A resurfaced video from the final debate between former Democratic presidential candidate Hillary Clinton and Republican Donald Trump, who triumphed in the 2016 election, has circulated across social media. In it, Clinton is heard saying:
“Every time Donald thinks things are not going in his direction, he claims whatever it is is rigged against him.”
Clinton appeared to be referring to Donald Trump’s losses in the 2016 primary election-opening caucus in Iowa and in Wisconsin’s primary, which had led to Trump’s campaign decrying the results and claiming that “the Republican primary is rigged against him”.
In the footage, the former Secretary of State continues to assert that candidate Trump had “said something truly horrifying” when he refused to say he would respect the results of the 2016 election due to alleged widespread voter fraud.
“There was even a time when he didn’t get an Emmy for his TV programme three years in a row, and he started tweeting that the Emmys were rigged,” says Clinton at the 2016 debate.
This was a reference to Trump’s NBC reality series The Apprentice, which had ceded four Emmy awards to The Amazing Race, triggering a heated response from him on Twitter.

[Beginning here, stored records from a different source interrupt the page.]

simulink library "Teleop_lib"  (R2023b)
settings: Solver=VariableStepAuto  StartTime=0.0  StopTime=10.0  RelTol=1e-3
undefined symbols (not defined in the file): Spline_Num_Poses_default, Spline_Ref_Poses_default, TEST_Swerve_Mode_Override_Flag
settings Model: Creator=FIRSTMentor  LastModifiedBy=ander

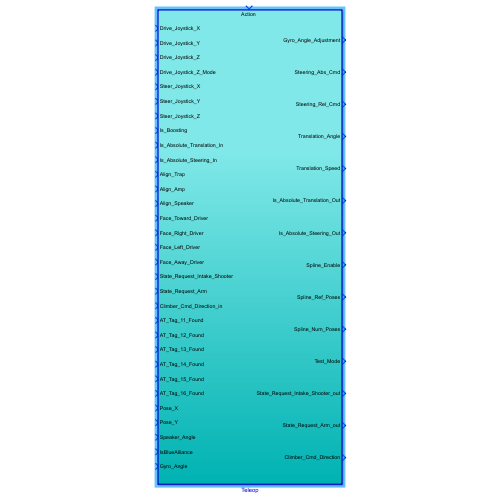
[thumbnail: Simulink's stored preview of the top-level diagram]
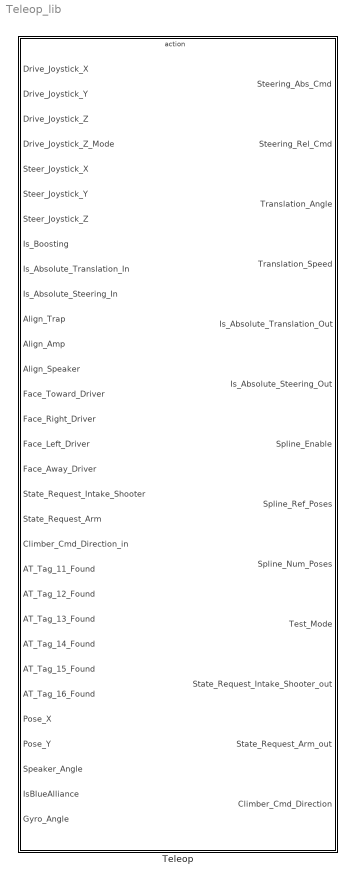
== system Teleop_lib ==
  Teleop : Subsystem  TreatAsAtomicUnit=on

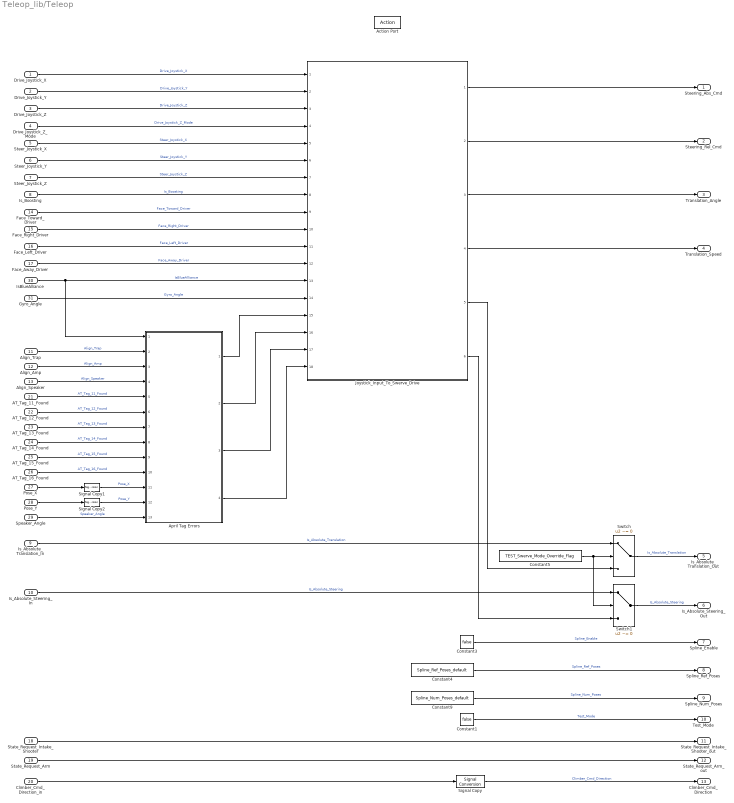
== system Teleop_lib/Teleop ==
  Drive_Joystick_X : Inport
  Drive_Joystick_Y : Inport  Port=2
  Drive_Joystick_Z : Inport  Port=3
  Drive_Joystick_Z_Mode : Inport  Port=4
  Steer_Joystick_X : Inport  Port=5
  Steer_Joystick_Y : Inport  Port=6
  Steer_Joystick_Z : Inport  Port=7
  Is_Boosting : Inport  Port=8
  Is_Absolute_Translation_In : Inport  Port=9
  Is_Absolute_Steering_In : Inport  Port=10
  Align_Trap : Inport  Port=11
  Align_Amp : Inport  Port=12
  Align_Speaker : Inport  Port=13
  Face_Toward_Driver : Inport  Port=14
  Face_Right_Driver : Inport  Port=15
  Face_Left_Driver : Inport  Port=16
  Face_Away_Driver : Inport  Port=17
  State_Request_Intake_Shooter : Inport  Port=18
  State_Request_Arm : Inport  Port=19
  Climber_Cmd_Direction_in : Inport  Port=20
  AT_Tag_11_Found : Inport  Port=21
  AT_Tag_12_Found : Inport  Port=22
  AT_Tag_13_Found : Inport  Port=23
  AT_Tag_14_Found : Inport  Port=24
  AT_Tag_15_Found : Inport  Port=25
  AT_Tag_16_Found : Inport  Port=26
  Pose_X : Inport  Port=27
  Pose_Y : Inport  Port=28
  Speaker_Angle : Inport  Port=29
  IsBlueAlliance : Inport  Port=30
  Gyro_Angle : Inport  Port=31
  Action Port : ActionPort
  April Tag Errors : Subsystem  ReferencedSubsystem=April_Tag_Errors
  Constant1 : Constant  Value=false  OutDataTypeStr=boolean
  Constant3 : Constant  Value=false  OutDataTypeStr=boolean
  Constant4 : Constant  Value=Spline_Ref_Poses_default
  Constant5 : Constant  Value=TEST_Swerve_Mode_Override_Flag
  Constant9 : Constant  Value=Spline_Num_Poses_default  OutDataTypeStr=double
  Joystick_Input_To_Swerve_Drive : Subsystem  ReferencedSubsystem=Joystick_Input_To_Swerve_Drive_sub
  Signal Copy : SignalConversion  OverrideOpt=off
  Signal Copy1 : SignalConversion  OverrideOpt=off
  Signal Copy2 : SignalConversion  OverrideOpt=off
  Switch : Switch  Criteria=u2 ~= 0  SaturateOnIntegerOverflow=off  InputSameDT=off
  Switch1 : Switch  Criteria=u2 ~= 0  SaturateOnIntegerOverflow=off  InputSameDT=off
  Steering_Abs_Cmd : Outport
  Steering_Rel_Cmd : Outport  Port=2
  Translation_Angle : Outport  Port=3
  Translation_Speed : Outport  Port=4
  Is_Absolute_Translation_Out : Outport  Port=5
  Is_Absolute_Steering_Out : Outport  Port=6
  Spline_Enable : Outport  Port=7
  Spline_Ref_Poses : Outport  Port=8
  Spline_Num_Poses : Outport  Port=9
  Test_Mode : Outport  Port=10
  State_Request_Intake_Shooter_out : Outport  Port=11
  State_Request_Arm_out : Outport  Port=12
  Climber_Cmd_Direction : Outport  Port=13
  wires:
  Steer_Joystick_X/1 -> Joystick_Input_To_Swerve_Drive/5  "Steer_Joystick_X"
  Steer_Joystick_Y/1 -> Joystick_Input_To_Swerve_Drive/6  "Steer_Joystick_Y"
  Drive_Joystick_X/1 -> Joystick_Input_To_Swerve_Drive/1  "Drive_Joystick_X"
  Drive_Joystick_Y/1 -> Joystick_Input_To_Swerve_Drive/2  "Drive_Joystick_Y"
  Joystick_Input_To_Swerve_Drive/1 -> Steering_Abs_Cmd/1
  Joystick_Input_To_Swerve_Drive/2 -> Steering_Rel_Cmd/1
  Joystick_Input_To_Swerve_Drive/3 -> Translation_Angle/1
  Joystick_Input_To_Swerve_Drive/4 -> Translation_Speed/1
  Switch1/1 -> Is_Absolute_Steering_Out/1  "Is_Absolute_Steering"
  Is_Boosting/1 -> Joystick_Input_To_Swerve_Drive/8  "Is_Boosting"
  Constant9/1 -> Spline_Num_Poses/1  "Spline_Num_Poses"
  Constant4/1 -> Spline_Ref_Poses/1  "Spline_Ref_Poses"
  Constant3/1 -> Spline_Enable/1  "Spline_Enable"
  Constant1/1 -> Test_Mode/1  "Test_Mode"
  State_Request_Intake_Shooter/1 -> State_Request_Intake_Shooter_out/1
  State_Request_Arm/1 -> State_Request_Arm_out/1
  Drive_Joystick_Z/1 -> Joystick_Input_To_Swerve_Drive/3  "Drive_Joystick_Z"
  Steer_Joystick_Z/1 -> Joystick_Input_To_Swerve_Drive/7  "Steer_Joystick_Z"
  Face_Toward_Driver/1 -> Joystick_Input_To_Swerve_Drive/9  "Face_Toward_Driver"
  Face_Right_Driver/1 -> Joystick_Input_To_Swerve_Drive/10  "Face_Right_Driver"
  Face_Left_Driver/1 -> Joystick_Input_To_Swerve_Drive/11  "Face_Left_Driver"
  Face_Away_Driver/1 -> Joystick_Input_To_Swerve_Drive/12  "Face_Away_Driver"
  Climber_Cmd_Direction_in/1 -> Signal Copy/1
  Signal Copy/1 -> Climber_Cmd_Direction/1  "Climber_Cmd_Direction"
  Is_Absolute_Steering_In/1 -> Switch1/1  "Is_Absolute_Steering"
  Constant5/1 -> Switch/2, Switch1/2
  Switch/1 -> Is_Absolute_Translation_Out/1  "Is_Absolute_Translation"
  Is_Absolute_Translation_In/1 -> Switch/1  "Is_Absolute_Translation"
  Joystick_Input_To_Swerve_Drive/5 -> Switch/3
  Pose_X/1 -> Signal Copy1/1
  Pose_Y/1 -> Signal Copy2/1
  April Tag Errors/2 -> Joystick_Input_To_Swerve_Drive/16
  April Tag Errors/3 -> Joystick_Input_To_Swerve_Drive/17
  April Tag Errors/4 -> Joystick_Input_To_Swerve_Drive/18
  IsBlueAlliance/1 -> Joystick_Input_To_Swerve_Drive/13, April Tag Errors/1  "IsBlueAlliance"
  Drive_Joystick_Z_Mode/1 -> Joystick_Input_To_Swerve_Drive/4  "Drive_Joystick_Z_Mode"
  Joystick_Input_To_Swerve_Drive/6 -> Switch1/3
  Gyro_Angle/1 -> Joystick_Input_To_Swerve_Drive/14  "Gyro_Angle"
  Align_Trap/1 -> April Tag Errors/2  "Align_Trap"
  Align_Amp/1 -> April Tag Errors/3  "Align_Amp"
  Align_Speaker/1 -> April Tag Errors/4  "Align_Speaker"
  AT_Tag_11_Found/1 -> April Tag Errors/5  "AT_Tag_11_Found"
  AT_Tag_12_Found/1 -> April Tag Errors/6  "AT_Tag_12_Found"
  AT_Tag_13_Found/1 -> April Tag Errors/7  "AT_Tag_13_Found"
  AT_Tag_14_Found/1 -> April Tag Errors/8  "AT_Tag_14_Found"
  AT_Tag_15_Found/1 -> April Tag Errors/9  "AT_Tag_15_Found"
  AT_Tag_16_Found/1 -> April Tag Errors/10  "AT_Tag_16_Found"
  Signal Copy1/1 -> April Tag Errors/11  "Pose_X"
  Signal Copy2/1 -> April Tag Errors/12  "Pose_Y"
  Speaker_Angle/1 -> April Tag Errors/13  "Speaker_Angle"
  April Tag Errors/1 -> Joystick_Input_To_Swerve_Drive/15
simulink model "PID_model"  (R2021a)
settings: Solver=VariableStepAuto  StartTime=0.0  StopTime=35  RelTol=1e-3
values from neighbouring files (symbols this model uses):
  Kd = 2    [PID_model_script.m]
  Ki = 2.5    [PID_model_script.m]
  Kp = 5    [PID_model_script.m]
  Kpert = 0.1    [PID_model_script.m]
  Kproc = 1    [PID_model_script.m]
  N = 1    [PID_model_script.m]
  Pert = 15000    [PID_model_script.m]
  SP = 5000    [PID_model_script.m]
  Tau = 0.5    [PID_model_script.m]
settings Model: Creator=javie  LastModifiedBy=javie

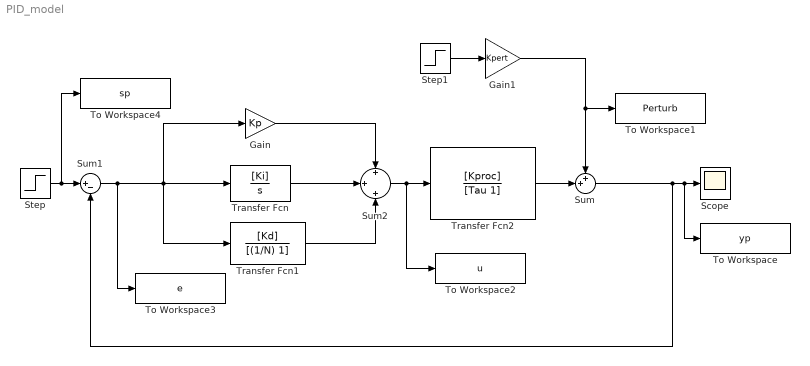
== system PID_model ==
  Gain : Gain  Gain=Kp
  Gain1 : Gain  Gain=Kpert
  Scope : Scope
  Step : Step  After=SP  SampleTime=0
  Step1 : Step  Time=20  After=Pert  SampleTime=0
  Sum : Sum  Inputs=++|
  Sum1 : Sum  Inputs=|+-
  Sum2 : Sum  Inputs=+|+|+
  To Workspace : ToWorkspace  VariableName=yp  SaveFormat=Timeseries  SampleTime=-1
  To Workspace1 : ToWorkspace  VariableName=Perturb  SaveFormat=Timeseries  SampleTime=-1
  To Workspace2 : ToWorkspace  VariableName=u  SaveFormat=Timeseries  SampleTime=-1
  To Workspace3 : ToWorkspace  VariableName=e  SaveFormat=Timeseries  SampleTime=-1
  To Workspace4 : ToWorkspace  VariableName=sp  SaveFormat=Timeseries  SampleTime=-1
  Transfer Fcn : TransferFcn  Numerator=[Ki]  Denominator=[1 0]
  Transfer Fcn1 : TransferFcn  Numerator=[Kd]  Denominator=[(1/N) 1]
  Transfer Fcn2 : TransferFcn  Numerator=[Kproc]  Denominator=[Tau 1]
  wires:
  Sum/1 -> Sum1/2, To Workspace/1, Scope/1
  Step1/1 -> Gain1/1
  Sum2/1 -> To Workspace2/1, Transfer Fcn2/1
  Transfer Fcn2/1 -> Sum/2
  Gain1/1 -> To Workspace1/1, Sum/1
  Gain/1 -> Sum2/1
  Transfer Fcn/1 -> Sum2/2
  Transfer Fcn1/1 -> Sum2/3
  Step/1 -> To Workspace4/1, Sum1/1
  Sum1/1 -> To Workspace3/1, Transfer Fcn1/1, Gain/1, Transfer Fcn/1

The Emmys are all politics, that's why, despite nominations, The Apprentice never won--even though it should have many times over.— Donald J. Trump (@realDonaldTrump) September 24, 2012
In conclusion, Hillary Clinton suggested that this approach was a typical “mindset” for Donald Trump.
“This is how Donald thinks, and it’s funny, but it’s also really troubling. That is not the way our democracy works,” she said.
The remarks came as Hillary Clinton, who outpaced Trump by almost 2.9 million votes in 2016 but eventually lost in the Electoral College, repeatedly riled against the way the election had been “stolen” from her.
Trump Riles Against ‘Fraud’
The video comes as President Donald Trump, who is seeking reelection for a second term, delivered remarks from the press briefing room of the White House in his first public appearance since the early morning hours after Election Day, when he publicly called for vote counting to stop, citing allegations of fraud and misconduct.
Amid a tight race against his Democratic rival Joe Biden and a continuing vote tabulation from a number of battleground states, Trump said:
“If you count the legal votes, I easily win. If you count the illegal votes, they can try to steal the election from us.”
The current incumbent reiterated claims of rampant “fraud” and rigged election results, as he trails the former vice president in the number of garnered electoral college votes.
The POTUS slammed polls for interfering in the election process by allegedly inflating his opponent’s popularity heading into the elections.
He also cast doubt on the integrity of the drawn-out vote count due to the record-breaking number of mail-in ballots necessitated in part by the coronavirus pandemic.
The latter issue had been addressed by the President throughout his reelection campaign as potentially a “disaster” leading to election “rigging”.
As Donald Trump trails Joe Biden with 214 electoral college votes to his opponent’s 264, his campaign’s legal team has already been on the legal warpath, launching lawsuits.
The legal team has filed lawsuits and motions pertaining in cases involving battleground states such as Michigan, Pennsylvania, Arizona, Georgia, and Nevada, requesting a recount in Wisconsin, which Biden won on Wednesday.